**AIM OF THE EXERCISE:** In the listing below, locate the line that contains "line L850 (9.116, -15.808)" and the line that contains "arc A1984 (9.0332, -23.808)". Restate word for word those two lines and every line between them, and nothing else.

------------------------------------

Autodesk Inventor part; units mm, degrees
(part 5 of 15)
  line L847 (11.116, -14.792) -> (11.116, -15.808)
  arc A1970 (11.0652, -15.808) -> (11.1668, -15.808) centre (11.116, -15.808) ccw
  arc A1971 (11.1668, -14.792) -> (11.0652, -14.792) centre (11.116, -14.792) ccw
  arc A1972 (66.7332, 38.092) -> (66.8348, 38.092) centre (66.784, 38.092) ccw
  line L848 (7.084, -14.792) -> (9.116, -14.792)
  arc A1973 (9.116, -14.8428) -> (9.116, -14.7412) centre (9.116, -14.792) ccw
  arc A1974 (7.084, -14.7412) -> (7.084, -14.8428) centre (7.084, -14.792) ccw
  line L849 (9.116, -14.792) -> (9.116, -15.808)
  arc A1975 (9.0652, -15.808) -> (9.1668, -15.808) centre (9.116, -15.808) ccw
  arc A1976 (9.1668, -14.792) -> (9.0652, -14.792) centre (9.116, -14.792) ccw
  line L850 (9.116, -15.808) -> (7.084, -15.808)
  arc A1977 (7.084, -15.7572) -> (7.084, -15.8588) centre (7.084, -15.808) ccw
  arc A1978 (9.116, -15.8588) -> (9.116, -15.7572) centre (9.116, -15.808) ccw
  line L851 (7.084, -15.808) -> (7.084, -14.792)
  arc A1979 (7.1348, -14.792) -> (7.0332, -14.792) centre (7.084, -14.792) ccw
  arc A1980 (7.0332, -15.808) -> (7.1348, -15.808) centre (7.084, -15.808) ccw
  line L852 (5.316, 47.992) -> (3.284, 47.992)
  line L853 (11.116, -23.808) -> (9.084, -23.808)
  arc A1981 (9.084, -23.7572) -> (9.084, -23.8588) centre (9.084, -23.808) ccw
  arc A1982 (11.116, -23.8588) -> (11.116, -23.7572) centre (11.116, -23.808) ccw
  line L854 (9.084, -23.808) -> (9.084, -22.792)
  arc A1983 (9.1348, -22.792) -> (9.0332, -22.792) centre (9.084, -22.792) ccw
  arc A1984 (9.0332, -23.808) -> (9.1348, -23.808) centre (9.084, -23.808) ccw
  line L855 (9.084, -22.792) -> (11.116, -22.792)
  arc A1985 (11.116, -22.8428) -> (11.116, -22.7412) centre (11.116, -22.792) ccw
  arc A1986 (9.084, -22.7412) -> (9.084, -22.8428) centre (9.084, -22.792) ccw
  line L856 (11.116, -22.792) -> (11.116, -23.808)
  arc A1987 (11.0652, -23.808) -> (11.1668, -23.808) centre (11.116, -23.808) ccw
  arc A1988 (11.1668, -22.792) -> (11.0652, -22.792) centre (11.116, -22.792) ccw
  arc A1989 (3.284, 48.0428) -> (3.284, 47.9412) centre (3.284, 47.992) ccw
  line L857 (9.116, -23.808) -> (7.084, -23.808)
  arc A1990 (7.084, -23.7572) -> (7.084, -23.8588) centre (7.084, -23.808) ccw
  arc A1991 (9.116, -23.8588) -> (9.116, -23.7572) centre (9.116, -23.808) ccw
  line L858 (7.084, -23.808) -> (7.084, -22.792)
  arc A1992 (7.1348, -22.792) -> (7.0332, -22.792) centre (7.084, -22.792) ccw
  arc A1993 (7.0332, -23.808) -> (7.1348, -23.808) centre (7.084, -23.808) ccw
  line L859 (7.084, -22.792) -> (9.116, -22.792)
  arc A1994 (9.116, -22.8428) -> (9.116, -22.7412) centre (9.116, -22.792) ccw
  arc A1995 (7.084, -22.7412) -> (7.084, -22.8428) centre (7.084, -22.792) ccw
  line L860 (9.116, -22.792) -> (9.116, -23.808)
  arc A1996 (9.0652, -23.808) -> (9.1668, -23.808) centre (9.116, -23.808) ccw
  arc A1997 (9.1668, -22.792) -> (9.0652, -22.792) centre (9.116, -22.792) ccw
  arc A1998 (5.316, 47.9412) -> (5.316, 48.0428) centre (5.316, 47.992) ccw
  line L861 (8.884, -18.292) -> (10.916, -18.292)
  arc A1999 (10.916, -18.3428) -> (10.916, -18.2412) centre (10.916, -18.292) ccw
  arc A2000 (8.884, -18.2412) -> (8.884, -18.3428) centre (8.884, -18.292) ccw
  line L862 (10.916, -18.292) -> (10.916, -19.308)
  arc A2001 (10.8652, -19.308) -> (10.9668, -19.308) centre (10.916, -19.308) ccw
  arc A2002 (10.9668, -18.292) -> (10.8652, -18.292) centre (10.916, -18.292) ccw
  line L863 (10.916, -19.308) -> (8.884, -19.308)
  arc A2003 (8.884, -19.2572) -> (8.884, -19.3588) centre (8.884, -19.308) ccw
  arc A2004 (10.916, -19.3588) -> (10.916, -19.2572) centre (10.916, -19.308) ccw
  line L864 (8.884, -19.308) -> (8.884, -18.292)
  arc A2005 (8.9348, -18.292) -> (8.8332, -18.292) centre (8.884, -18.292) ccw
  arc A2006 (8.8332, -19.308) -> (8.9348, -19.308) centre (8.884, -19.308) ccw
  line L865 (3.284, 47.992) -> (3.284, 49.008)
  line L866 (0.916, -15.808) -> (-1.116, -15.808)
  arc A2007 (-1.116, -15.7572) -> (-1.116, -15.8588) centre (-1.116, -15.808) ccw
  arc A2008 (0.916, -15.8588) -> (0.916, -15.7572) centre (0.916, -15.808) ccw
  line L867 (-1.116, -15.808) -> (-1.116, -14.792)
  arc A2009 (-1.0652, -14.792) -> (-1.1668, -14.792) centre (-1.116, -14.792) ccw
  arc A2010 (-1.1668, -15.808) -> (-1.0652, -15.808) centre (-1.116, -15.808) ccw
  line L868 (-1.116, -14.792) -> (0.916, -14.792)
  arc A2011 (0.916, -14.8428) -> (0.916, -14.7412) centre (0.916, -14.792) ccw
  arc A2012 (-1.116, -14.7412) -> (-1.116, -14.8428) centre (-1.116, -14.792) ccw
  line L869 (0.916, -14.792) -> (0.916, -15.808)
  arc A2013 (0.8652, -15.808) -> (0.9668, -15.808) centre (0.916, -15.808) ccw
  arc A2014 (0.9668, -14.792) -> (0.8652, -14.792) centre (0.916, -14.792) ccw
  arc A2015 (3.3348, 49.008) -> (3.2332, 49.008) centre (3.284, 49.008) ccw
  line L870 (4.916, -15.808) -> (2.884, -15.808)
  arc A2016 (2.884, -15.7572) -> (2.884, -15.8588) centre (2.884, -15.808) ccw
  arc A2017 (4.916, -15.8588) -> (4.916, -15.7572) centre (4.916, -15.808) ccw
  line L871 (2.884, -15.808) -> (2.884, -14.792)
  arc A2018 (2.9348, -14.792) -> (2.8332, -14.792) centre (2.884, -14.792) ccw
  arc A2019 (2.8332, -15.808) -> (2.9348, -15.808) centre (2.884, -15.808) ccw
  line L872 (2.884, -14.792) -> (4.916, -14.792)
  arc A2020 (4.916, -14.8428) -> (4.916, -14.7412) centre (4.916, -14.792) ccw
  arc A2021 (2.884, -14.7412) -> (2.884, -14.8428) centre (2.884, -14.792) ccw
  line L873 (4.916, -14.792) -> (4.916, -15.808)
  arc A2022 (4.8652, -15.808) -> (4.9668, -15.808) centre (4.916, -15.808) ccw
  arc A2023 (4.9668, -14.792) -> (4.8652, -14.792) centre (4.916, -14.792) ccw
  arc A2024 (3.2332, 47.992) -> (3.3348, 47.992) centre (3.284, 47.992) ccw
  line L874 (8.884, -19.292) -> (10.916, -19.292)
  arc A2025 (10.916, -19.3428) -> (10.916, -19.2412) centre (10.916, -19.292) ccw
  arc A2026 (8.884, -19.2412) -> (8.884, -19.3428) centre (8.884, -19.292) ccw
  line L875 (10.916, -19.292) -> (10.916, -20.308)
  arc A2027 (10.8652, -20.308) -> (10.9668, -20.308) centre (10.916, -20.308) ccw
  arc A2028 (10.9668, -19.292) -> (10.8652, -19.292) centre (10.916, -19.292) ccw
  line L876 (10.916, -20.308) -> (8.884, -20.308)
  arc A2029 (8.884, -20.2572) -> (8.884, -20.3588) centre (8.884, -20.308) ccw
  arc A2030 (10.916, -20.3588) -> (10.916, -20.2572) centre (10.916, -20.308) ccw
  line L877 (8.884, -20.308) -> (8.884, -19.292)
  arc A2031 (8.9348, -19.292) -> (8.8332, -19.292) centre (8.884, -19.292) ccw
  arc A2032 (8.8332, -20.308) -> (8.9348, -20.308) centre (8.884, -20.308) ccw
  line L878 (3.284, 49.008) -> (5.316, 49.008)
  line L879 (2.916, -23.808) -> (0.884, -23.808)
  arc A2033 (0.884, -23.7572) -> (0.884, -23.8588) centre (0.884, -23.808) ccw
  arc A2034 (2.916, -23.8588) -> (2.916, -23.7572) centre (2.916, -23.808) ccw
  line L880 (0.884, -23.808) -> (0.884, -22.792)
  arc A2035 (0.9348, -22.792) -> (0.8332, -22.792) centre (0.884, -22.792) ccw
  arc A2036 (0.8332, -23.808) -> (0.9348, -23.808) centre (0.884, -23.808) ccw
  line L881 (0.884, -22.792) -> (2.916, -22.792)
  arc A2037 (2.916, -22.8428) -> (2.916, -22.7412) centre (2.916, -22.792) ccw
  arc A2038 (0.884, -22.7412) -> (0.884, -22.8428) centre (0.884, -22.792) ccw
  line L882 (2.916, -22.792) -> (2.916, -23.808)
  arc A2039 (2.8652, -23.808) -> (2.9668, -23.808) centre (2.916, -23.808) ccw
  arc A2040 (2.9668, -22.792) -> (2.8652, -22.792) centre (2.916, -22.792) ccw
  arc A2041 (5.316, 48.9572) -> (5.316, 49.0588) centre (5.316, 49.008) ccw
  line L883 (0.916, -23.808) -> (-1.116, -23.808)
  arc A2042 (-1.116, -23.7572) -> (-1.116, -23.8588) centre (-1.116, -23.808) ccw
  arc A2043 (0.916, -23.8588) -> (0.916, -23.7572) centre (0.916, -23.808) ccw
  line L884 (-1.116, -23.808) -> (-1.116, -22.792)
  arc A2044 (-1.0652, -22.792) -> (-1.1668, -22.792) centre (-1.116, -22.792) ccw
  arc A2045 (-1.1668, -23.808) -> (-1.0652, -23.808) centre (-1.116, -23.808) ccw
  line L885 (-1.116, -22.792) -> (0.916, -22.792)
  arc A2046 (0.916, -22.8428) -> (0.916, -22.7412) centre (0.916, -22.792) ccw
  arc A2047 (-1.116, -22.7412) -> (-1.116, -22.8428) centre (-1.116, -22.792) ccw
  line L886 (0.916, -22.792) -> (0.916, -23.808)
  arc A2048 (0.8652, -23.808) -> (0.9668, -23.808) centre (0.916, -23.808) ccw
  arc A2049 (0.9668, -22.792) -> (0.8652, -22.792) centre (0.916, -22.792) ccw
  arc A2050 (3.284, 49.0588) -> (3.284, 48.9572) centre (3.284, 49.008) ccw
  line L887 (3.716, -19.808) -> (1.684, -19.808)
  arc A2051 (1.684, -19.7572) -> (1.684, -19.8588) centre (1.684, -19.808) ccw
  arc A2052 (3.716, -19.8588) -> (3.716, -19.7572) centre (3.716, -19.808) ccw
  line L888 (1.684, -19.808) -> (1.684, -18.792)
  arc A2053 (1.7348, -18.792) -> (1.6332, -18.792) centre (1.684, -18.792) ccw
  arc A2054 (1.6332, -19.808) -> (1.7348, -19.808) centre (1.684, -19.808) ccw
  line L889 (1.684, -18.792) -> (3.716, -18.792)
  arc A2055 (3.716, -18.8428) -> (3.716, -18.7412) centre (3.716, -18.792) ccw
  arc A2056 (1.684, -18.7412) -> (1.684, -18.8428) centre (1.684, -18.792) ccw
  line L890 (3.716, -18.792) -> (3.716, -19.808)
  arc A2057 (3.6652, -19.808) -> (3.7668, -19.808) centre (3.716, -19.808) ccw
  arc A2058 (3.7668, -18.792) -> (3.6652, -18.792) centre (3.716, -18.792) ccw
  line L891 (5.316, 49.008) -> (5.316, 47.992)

------------------------------------

**WRITTEN SOLUTION:**
  line L850 (9.116, -15.808) -> (7.084, -15.808)
  arc A1977 (7.084, -15.7572) -> (7.084, -15.8588) centre (7.084, -15.808) ccw
  arc A1978 (9.116, -15.8588) -> (9.116, -15.7572) centre (9.116, -15.808) ccw
  line L851 (7.084, -15.808) -> (7.084, -14.792)
  arc A1979 (7.1348, -14.792) -> (7.0332, -14.792) centre (7.084, -14.792) ccw
  arc A1980 (7.0332, -15.808) -> (7.1348, -15.808) centre (7.084, -15.808) ccw
  line L852 (5.316, 47.992) -> (3.284, 47.992)
  line L853 (11.116, -23.808) -> (9.084, -23.808)
  arc A1981 (9.084, -23.7572) -> (9.084, -23.8588) centre (9.084, -23.808) ccw
  arc A1982 (11.116, -23.8588) -> (11.116, -23.7572) centre (11.116, -23.808) ccw
  line L854 (9.084, -23.808) -> (9.084, -22.792)
  arc A1983 (9.1348, -22.792) -> (9.0332, -22.792) centre (9.084, -22.792) ccw
  arc A1984 (9.0332, -23.808) -> (9.1348, -23.808) centre (9.084, -23.808) ccw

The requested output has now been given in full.